Things can be challenging without being threatening. Overcoming challenges, figuring out different approaches, and learning new things helps us grow. This is exciting!


Let some things go.

When you are in fight or flight or survival mode, you are meant to be a tightly wound coil, ready to spring into action, so that you can run to safety or take down the rhinoceros that is charging at you. When you are chronically in stress mode, you are chronically tightly wound. Everything starts to look and feel imperative and dire, whether they really are or not. If we can let go of the things that aren’t actually that big of a deal, we can take things down a notch and lighten the load. For me- this would pertain largely to my kids- brushing teeth well, getting to bed on time, getting their school work done in a timely fashion. None of these things are actually threats to us.



Prevention is key…

…in just about every situation in life.  So, if we can nip stress in the bud, and not let our brains lead us down the path of obsessive over thinking, especially about things that are beyond our control, life would be so much less…. stressful. This ties in with the previous idea of letting some things go. When we are already in a heightened state of stress, it’s easy to get further ensnared in the little things. Everything becomes a trigger.

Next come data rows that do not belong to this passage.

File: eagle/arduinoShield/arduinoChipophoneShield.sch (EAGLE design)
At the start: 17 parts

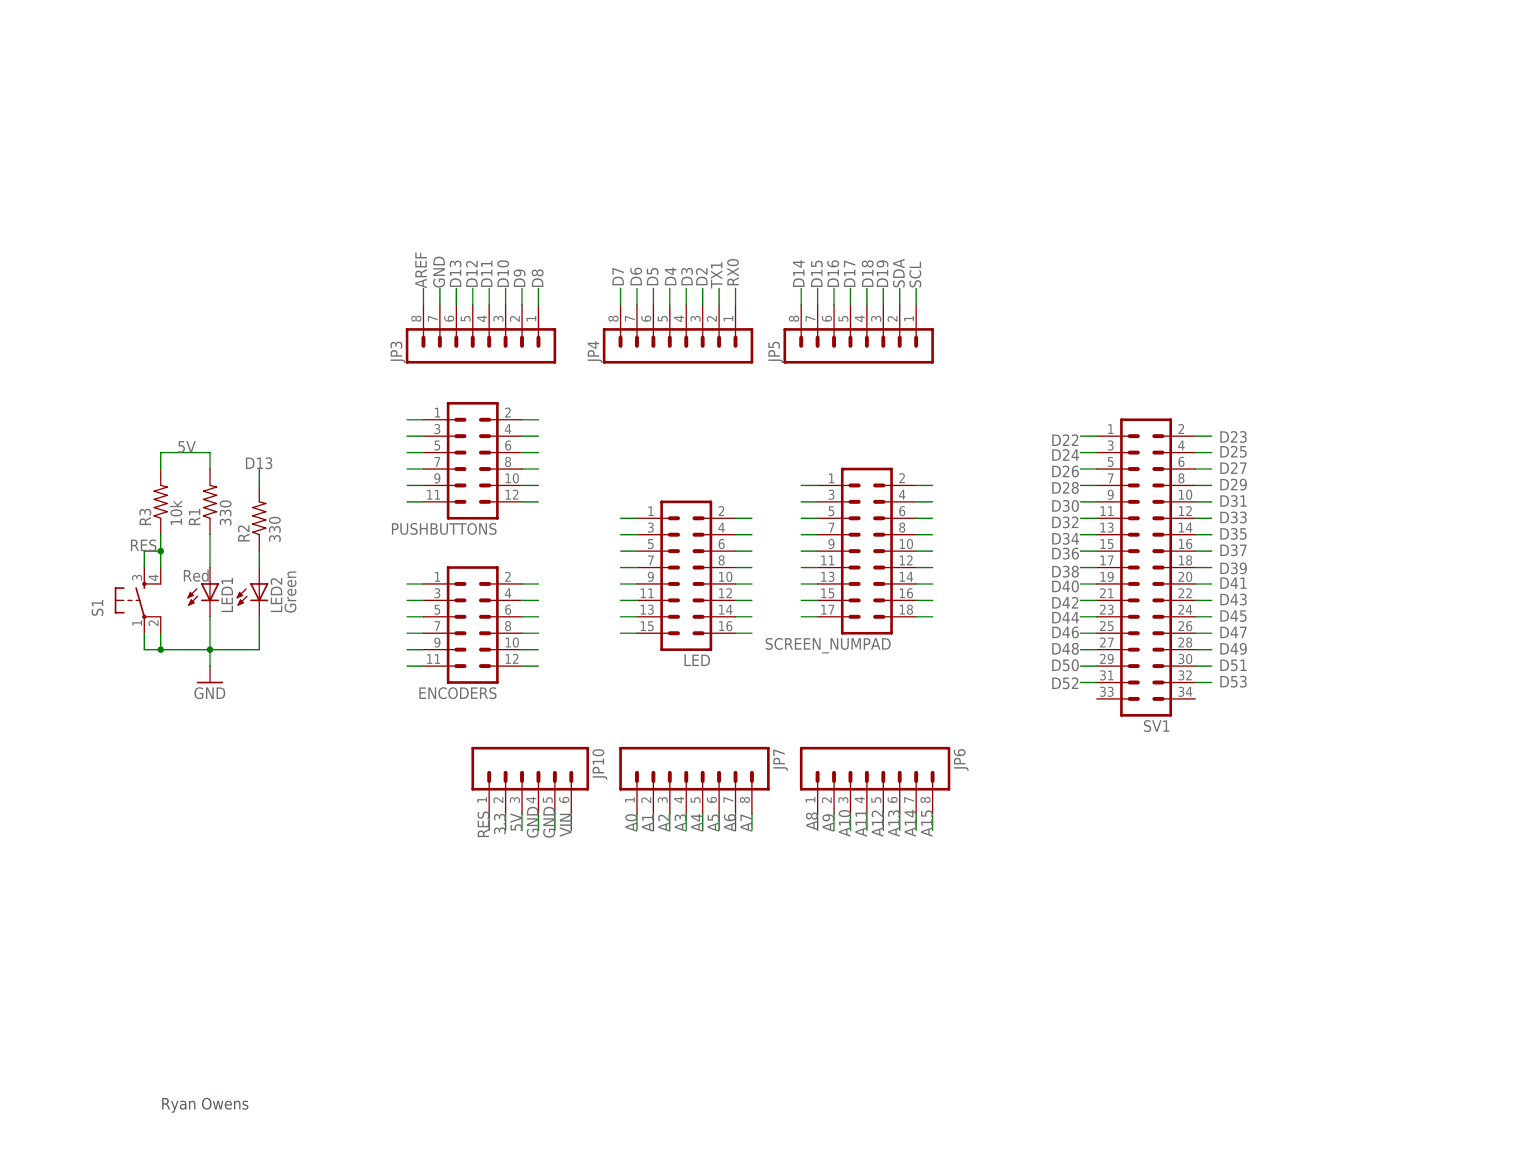
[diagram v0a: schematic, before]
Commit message: Added MIDI I/O, took out status light
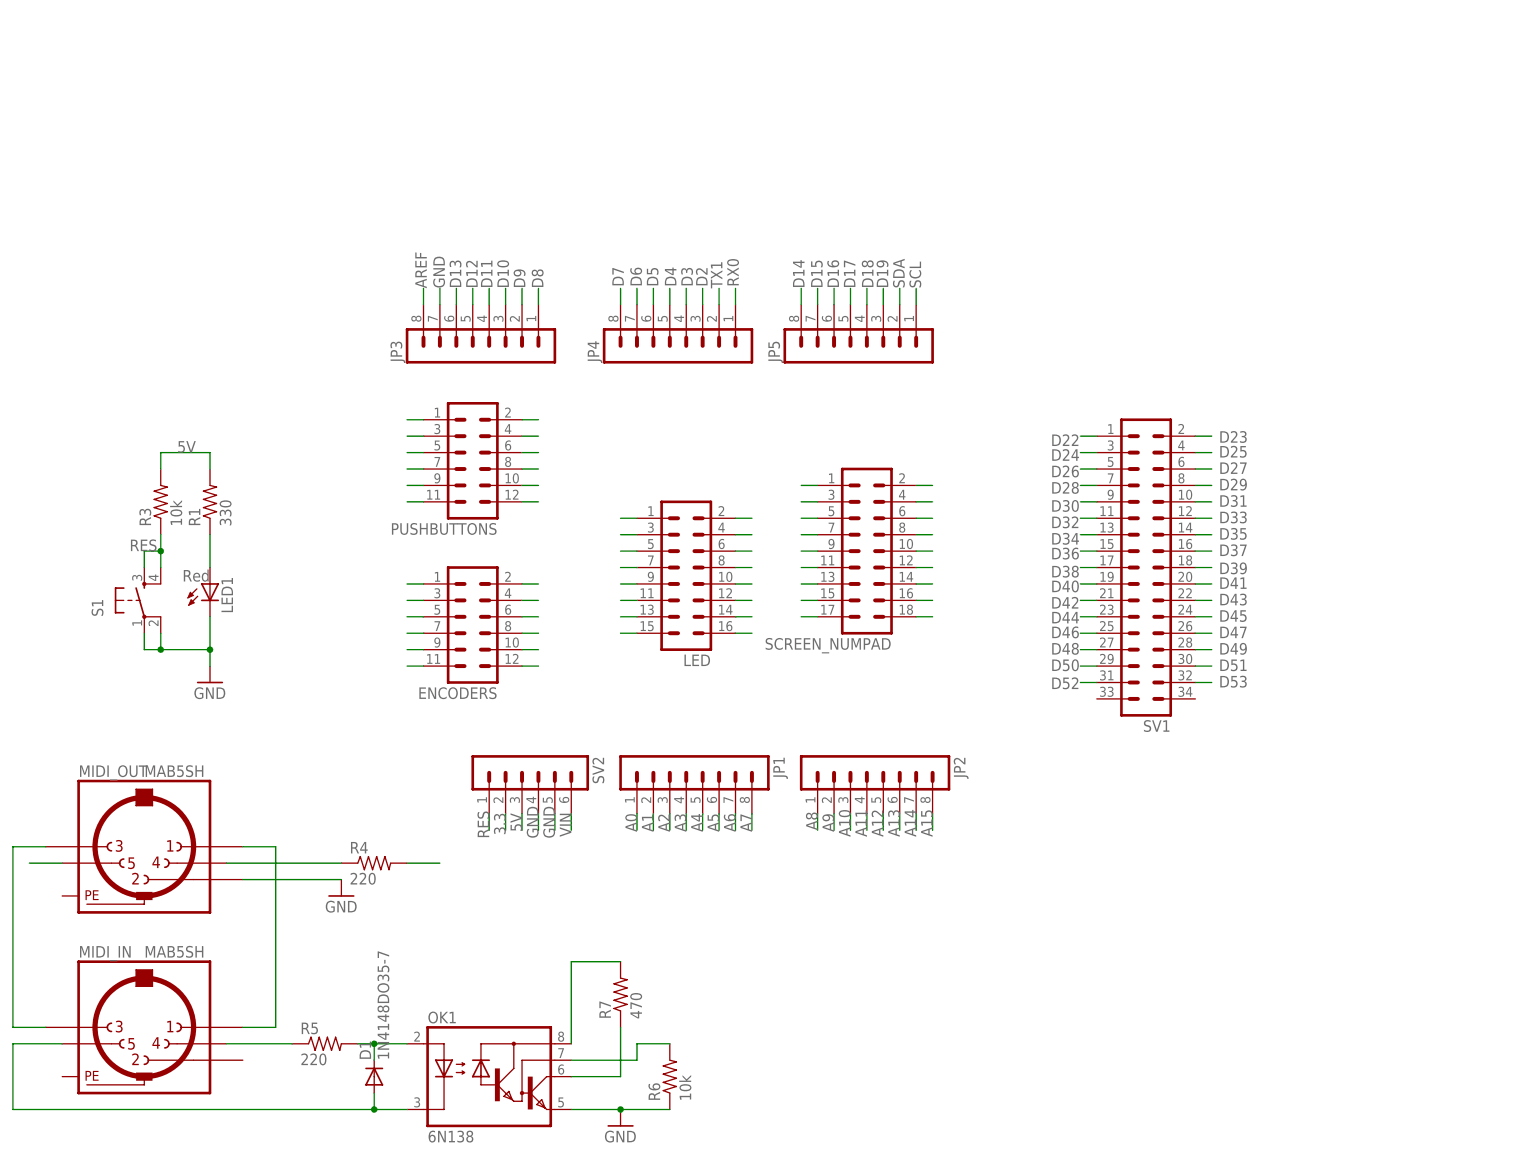
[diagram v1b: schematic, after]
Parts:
- removed JP10: (no value), SparkFun:M06LOCK
- removed JP6, JP7: (no value), SparkFun:M08LOCK
- removed LED2: Green, SparkFun:LED5MM
- removed R2: 330, SparkFun:RESISTORPTH1
- added D1: 1N4148DO35-7, diode:1N4148DO35-7
- added JP1, JP2: (no value), con-lstb:MA08-1
- added MIDI_IN, MIDI_OUT: MAB5SH, con-hirschmann:MAB5SH
- added OK1: 6N138, optocoupler:6N138
- added R4, R5: 220, rcl:R-US_0204/7
- added R6: 10k, rcl:R-US_0204/7
- added R7: 470, rcl:R-US_0204/7
- added SV2: (no value), con-lstb:MA06-1
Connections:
- removed net N$127: LED2.A, R2.1
- new net N$1: MIDI_IN.3, MIDI_OUT.3
- new net N$2: MIDI_IN.1, MIDI_OUT.1
- new net N$3: MIDI_OUT.4, R4.1
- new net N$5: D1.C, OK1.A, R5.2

Can  you take half a step back from your perception that many of the stressful situations at hand are not life threatening? This is not to say that you can blow off tasks that might result in losing a job or a home. But if you can take just a few things off your list of stressors, this allows for more room to deal calmly with the important things that could actually jeopardize your situation.


Vent Stress

When we are tired, beat down, and pushed beyond our natural abilities we feel the pressures of life even more intensely. Pressure begets more pressure. When internal pressure builds up beyond the capacity of the vessel, and there is no release, an explosion will ensue. It is essential to have tools to vent and release stress in unharmful ways. Again, this is a very personal thing- for some people it’s meditation, for others it’s listening to music and drawing, for others its exercise or gardening. The best way is whatever works for you. Allow yourself to engage in things that take your mind off of the stressor, things that are mindless and repetitive, things that bring YOU joy and calm.



Take away’s for holistic stress management:

Be kind to yourself.

Let some things go.

Try not to let the monster get out of control

You deserve to vent in non-harmful ways (in ways that work for you).